▶ **What you should do**: Starting with the line that contains "MATLAB Function1 : MATLAB" and stopping after the line that contains "Reshape/1 -> MATLAB Function1/4(sb)", copy the entries below exactly. Include nothing else.

▶ **Data provided**:
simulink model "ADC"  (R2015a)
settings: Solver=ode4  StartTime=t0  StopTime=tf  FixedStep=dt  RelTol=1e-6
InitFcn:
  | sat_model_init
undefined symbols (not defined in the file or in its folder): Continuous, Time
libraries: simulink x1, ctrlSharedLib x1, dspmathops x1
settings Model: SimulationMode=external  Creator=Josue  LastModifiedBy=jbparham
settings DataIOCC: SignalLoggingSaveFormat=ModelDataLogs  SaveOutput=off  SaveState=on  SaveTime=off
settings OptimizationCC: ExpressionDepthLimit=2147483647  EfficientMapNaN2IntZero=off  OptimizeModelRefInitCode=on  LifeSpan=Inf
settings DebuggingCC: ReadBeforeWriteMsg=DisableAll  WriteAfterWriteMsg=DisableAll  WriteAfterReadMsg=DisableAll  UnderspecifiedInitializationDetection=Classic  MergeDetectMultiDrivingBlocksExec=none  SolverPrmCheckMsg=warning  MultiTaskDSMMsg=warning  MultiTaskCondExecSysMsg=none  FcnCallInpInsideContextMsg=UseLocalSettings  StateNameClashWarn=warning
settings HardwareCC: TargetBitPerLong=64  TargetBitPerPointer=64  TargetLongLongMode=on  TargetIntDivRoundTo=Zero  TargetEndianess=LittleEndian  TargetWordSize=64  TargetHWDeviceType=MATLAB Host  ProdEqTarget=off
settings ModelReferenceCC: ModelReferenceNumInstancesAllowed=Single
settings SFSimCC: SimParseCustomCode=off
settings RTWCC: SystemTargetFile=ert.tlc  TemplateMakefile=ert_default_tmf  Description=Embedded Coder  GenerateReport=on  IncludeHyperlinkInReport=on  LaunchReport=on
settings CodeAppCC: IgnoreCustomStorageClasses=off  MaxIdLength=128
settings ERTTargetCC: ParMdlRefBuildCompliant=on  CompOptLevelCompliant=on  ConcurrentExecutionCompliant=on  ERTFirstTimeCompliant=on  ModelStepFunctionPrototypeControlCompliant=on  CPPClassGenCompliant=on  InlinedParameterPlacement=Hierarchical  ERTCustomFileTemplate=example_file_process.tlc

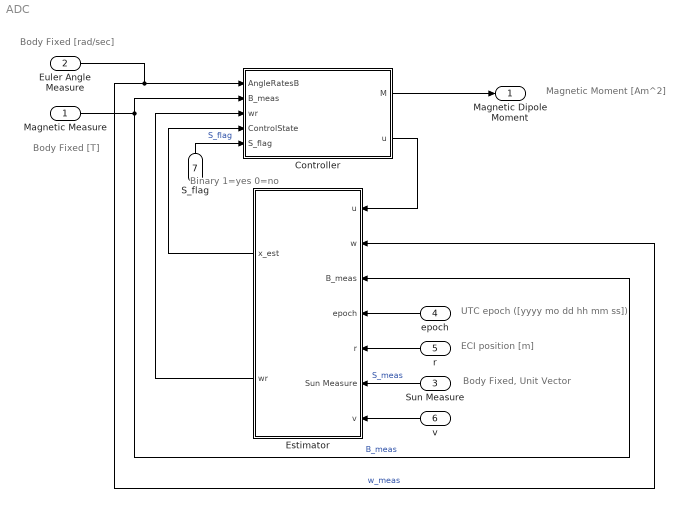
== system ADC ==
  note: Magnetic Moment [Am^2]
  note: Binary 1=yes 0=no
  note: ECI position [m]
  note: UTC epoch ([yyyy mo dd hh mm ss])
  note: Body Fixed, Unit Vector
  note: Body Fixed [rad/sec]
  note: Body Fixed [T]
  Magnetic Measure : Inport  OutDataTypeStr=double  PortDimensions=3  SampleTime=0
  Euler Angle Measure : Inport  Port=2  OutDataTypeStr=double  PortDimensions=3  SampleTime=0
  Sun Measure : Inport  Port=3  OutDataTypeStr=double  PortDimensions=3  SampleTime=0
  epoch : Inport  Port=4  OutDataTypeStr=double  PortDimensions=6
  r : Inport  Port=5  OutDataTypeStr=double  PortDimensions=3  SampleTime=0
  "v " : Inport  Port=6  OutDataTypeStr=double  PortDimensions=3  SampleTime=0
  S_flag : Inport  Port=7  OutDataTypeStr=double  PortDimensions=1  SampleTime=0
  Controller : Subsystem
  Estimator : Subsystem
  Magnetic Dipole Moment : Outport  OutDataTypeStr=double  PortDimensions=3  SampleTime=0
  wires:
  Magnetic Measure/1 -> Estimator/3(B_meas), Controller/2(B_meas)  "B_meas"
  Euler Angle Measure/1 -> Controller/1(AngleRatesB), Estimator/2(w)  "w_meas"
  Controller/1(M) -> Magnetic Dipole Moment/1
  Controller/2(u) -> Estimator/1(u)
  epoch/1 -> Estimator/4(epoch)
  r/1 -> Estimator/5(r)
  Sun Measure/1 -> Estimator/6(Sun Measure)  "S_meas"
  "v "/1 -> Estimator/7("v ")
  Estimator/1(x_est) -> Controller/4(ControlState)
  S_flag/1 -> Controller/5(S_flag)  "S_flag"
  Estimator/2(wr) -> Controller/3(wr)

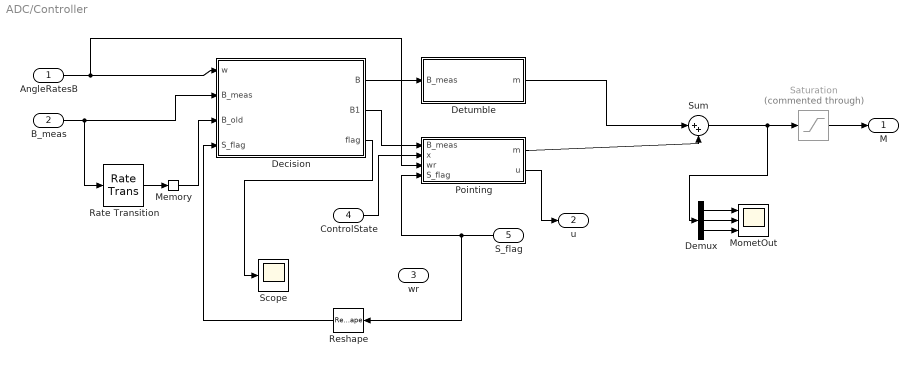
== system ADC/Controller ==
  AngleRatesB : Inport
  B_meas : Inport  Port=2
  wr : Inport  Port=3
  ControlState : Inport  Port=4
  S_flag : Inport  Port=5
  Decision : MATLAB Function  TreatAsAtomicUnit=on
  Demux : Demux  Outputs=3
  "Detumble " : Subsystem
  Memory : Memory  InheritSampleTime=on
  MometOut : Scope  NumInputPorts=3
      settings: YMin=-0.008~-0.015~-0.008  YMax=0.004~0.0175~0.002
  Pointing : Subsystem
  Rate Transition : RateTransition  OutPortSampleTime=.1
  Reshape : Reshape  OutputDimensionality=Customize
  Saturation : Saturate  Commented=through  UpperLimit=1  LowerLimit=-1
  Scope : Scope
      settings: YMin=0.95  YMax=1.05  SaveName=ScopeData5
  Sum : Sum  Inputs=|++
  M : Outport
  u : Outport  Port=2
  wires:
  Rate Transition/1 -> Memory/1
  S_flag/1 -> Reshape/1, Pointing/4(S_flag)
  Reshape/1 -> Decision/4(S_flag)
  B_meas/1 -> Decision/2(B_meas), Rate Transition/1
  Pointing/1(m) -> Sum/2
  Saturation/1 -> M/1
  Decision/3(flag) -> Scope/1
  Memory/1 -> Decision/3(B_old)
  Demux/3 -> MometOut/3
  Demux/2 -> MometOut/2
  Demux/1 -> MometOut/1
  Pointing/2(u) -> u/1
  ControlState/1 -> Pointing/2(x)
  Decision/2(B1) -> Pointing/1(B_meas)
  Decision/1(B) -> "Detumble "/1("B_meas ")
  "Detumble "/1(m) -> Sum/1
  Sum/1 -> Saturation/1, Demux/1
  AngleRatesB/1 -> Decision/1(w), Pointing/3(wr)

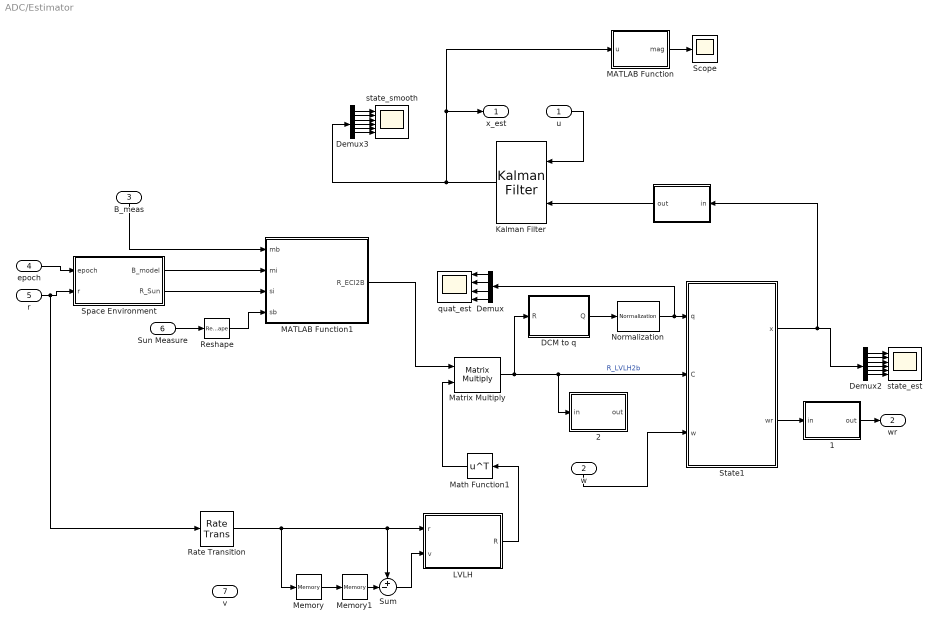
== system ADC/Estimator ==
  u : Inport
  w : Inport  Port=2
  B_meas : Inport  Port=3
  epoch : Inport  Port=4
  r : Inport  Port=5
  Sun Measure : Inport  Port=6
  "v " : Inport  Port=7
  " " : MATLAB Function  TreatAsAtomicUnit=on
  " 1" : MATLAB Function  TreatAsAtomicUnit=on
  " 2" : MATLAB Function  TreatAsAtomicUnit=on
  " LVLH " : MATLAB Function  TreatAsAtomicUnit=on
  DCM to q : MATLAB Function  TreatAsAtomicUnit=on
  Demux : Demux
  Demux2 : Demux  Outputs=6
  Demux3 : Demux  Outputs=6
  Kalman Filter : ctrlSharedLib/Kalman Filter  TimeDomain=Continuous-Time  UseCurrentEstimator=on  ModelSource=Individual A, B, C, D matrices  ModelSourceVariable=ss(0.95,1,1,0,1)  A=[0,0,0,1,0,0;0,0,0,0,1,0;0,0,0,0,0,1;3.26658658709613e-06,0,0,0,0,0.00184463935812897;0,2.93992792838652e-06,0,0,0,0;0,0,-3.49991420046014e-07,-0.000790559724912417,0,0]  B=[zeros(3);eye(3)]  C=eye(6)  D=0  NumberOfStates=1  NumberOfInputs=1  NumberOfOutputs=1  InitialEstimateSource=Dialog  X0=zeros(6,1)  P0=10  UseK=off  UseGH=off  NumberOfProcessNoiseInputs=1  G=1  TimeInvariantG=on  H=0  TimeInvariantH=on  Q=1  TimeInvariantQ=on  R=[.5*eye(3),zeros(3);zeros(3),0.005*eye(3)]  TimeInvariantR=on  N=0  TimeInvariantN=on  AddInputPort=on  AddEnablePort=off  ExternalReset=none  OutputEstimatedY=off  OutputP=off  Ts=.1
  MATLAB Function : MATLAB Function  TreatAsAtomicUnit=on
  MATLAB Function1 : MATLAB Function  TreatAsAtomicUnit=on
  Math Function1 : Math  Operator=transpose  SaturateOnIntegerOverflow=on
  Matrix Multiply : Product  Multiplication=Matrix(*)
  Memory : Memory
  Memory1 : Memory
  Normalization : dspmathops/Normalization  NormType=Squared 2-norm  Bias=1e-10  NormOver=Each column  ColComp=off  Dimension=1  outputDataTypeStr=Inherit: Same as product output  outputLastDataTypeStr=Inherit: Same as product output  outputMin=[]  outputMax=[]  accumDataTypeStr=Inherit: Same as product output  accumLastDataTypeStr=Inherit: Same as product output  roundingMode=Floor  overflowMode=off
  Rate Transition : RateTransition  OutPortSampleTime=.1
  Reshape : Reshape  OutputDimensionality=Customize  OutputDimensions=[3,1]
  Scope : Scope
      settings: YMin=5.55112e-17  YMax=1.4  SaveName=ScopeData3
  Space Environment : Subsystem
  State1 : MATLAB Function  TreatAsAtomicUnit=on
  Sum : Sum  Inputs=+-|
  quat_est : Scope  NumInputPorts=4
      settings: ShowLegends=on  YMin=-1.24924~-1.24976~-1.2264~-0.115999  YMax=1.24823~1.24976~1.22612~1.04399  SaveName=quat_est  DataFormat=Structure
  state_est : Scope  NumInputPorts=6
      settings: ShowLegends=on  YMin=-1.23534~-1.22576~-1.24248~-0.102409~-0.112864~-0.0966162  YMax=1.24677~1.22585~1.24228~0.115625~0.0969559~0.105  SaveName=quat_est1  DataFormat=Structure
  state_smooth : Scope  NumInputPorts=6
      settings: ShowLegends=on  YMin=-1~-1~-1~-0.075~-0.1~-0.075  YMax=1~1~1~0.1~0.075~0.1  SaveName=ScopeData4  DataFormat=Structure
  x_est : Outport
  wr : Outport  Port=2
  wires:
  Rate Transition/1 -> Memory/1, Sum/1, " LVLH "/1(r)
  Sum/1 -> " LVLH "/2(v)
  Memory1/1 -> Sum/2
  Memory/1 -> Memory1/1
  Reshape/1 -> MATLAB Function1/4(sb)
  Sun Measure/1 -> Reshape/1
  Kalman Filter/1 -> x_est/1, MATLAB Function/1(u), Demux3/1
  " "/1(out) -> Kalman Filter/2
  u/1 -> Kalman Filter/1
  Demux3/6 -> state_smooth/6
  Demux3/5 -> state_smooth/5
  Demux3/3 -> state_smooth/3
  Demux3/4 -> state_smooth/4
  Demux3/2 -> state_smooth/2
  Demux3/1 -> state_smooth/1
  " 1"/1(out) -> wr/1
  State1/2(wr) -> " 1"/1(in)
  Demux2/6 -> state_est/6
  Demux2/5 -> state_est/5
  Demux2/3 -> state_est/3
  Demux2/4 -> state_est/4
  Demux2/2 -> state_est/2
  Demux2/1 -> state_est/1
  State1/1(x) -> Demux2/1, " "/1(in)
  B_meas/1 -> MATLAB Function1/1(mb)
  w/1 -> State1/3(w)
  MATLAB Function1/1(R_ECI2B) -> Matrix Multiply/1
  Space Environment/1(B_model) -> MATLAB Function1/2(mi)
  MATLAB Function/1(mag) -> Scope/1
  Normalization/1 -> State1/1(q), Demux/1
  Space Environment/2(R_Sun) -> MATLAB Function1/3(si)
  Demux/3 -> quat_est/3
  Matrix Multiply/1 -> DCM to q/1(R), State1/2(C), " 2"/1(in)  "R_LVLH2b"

▶ **Written solution**:
  MATLAB Function1 : MATLAB Function  TreatAsAtomicUnit=on
  Math Function1 : Math  Operator=transpose  SaturateOnIntegerOverflow=on
  Matrix Multiply : Product  Multiplication=Matrix(*)
  Memory : Memory
  Memory1 : Memory
  Normalization : dspmathops/Normalization  NormType=Squared 2-norm  Bias=1e-10  NormOver=Each column  ColComp=off  Dimension=1  outputDataTypeStr=Inherit: Same as product output  outputLastDataTypeStr=Inherit: Same as product output  outputMin=[]  outputMax=[]  accumDataTypeStr=Inherit: Same as product output  accumLastDataTypeStr=Inherit: Same as product output  roundingMode=Floor  overflowMode=off
  Rate Transition : RateTransition  OutPortSampleTime=.1
  Reshape : Reshape  OutputDimensionality=Customize  OutputDimensions=[3,1]
  Scope : Scope
      settings: YMin=5.55112e-17  YMax=1.4  SaveName=ScopeData3
  Space Environment : Subsystem
  State1 : MATLAB Function  TreatAsAtomicUnit=on
  Sum : Sum  Inputs=+-|
  quat_est : Scope  NumInputPorts=4
      settings: ShowLegends=on  YMin=-1.24924~-1.24976~-1.2264~-0.115999  YMax=1.24823~1.24976~1.22612~1.04399  SaveName=quat_est  DataFormat=Structure
  state_est : Scope  NumInputPorts=6
      settings: ShowLegends=on  YMin=-1.23534~-1.22576~-1.24248~-0.102409~-0.112864~-0.0966162  YMax=1.24677~1.22585~1.24228~0.115625~0.0969559~0.105  SaveName=quat_est1  DataFormat=Structure
  state_smooth : Scope  NumInputPorts=6
      settings: ShowLegends=on  YMin=-1~-1~-1~-0.075~-0.1~-0.075  YMax=1~1~1~0.1~0.075~0.1  SaveName=ScopeData4  DataFormat=Structure
  x_est : Outport
  wr : Outport  Port=2
  wires:
  Rate Transition/1 -> Memory/1, Sum/1, " LVLH "/1(r)
  Sum/1 -> " LVLH "/2(v)
  Memory1/1 -> Sum/2
  Memory/1 -> Memory1/1
  Reshape/1 -> MATLAB Function1/4(sb)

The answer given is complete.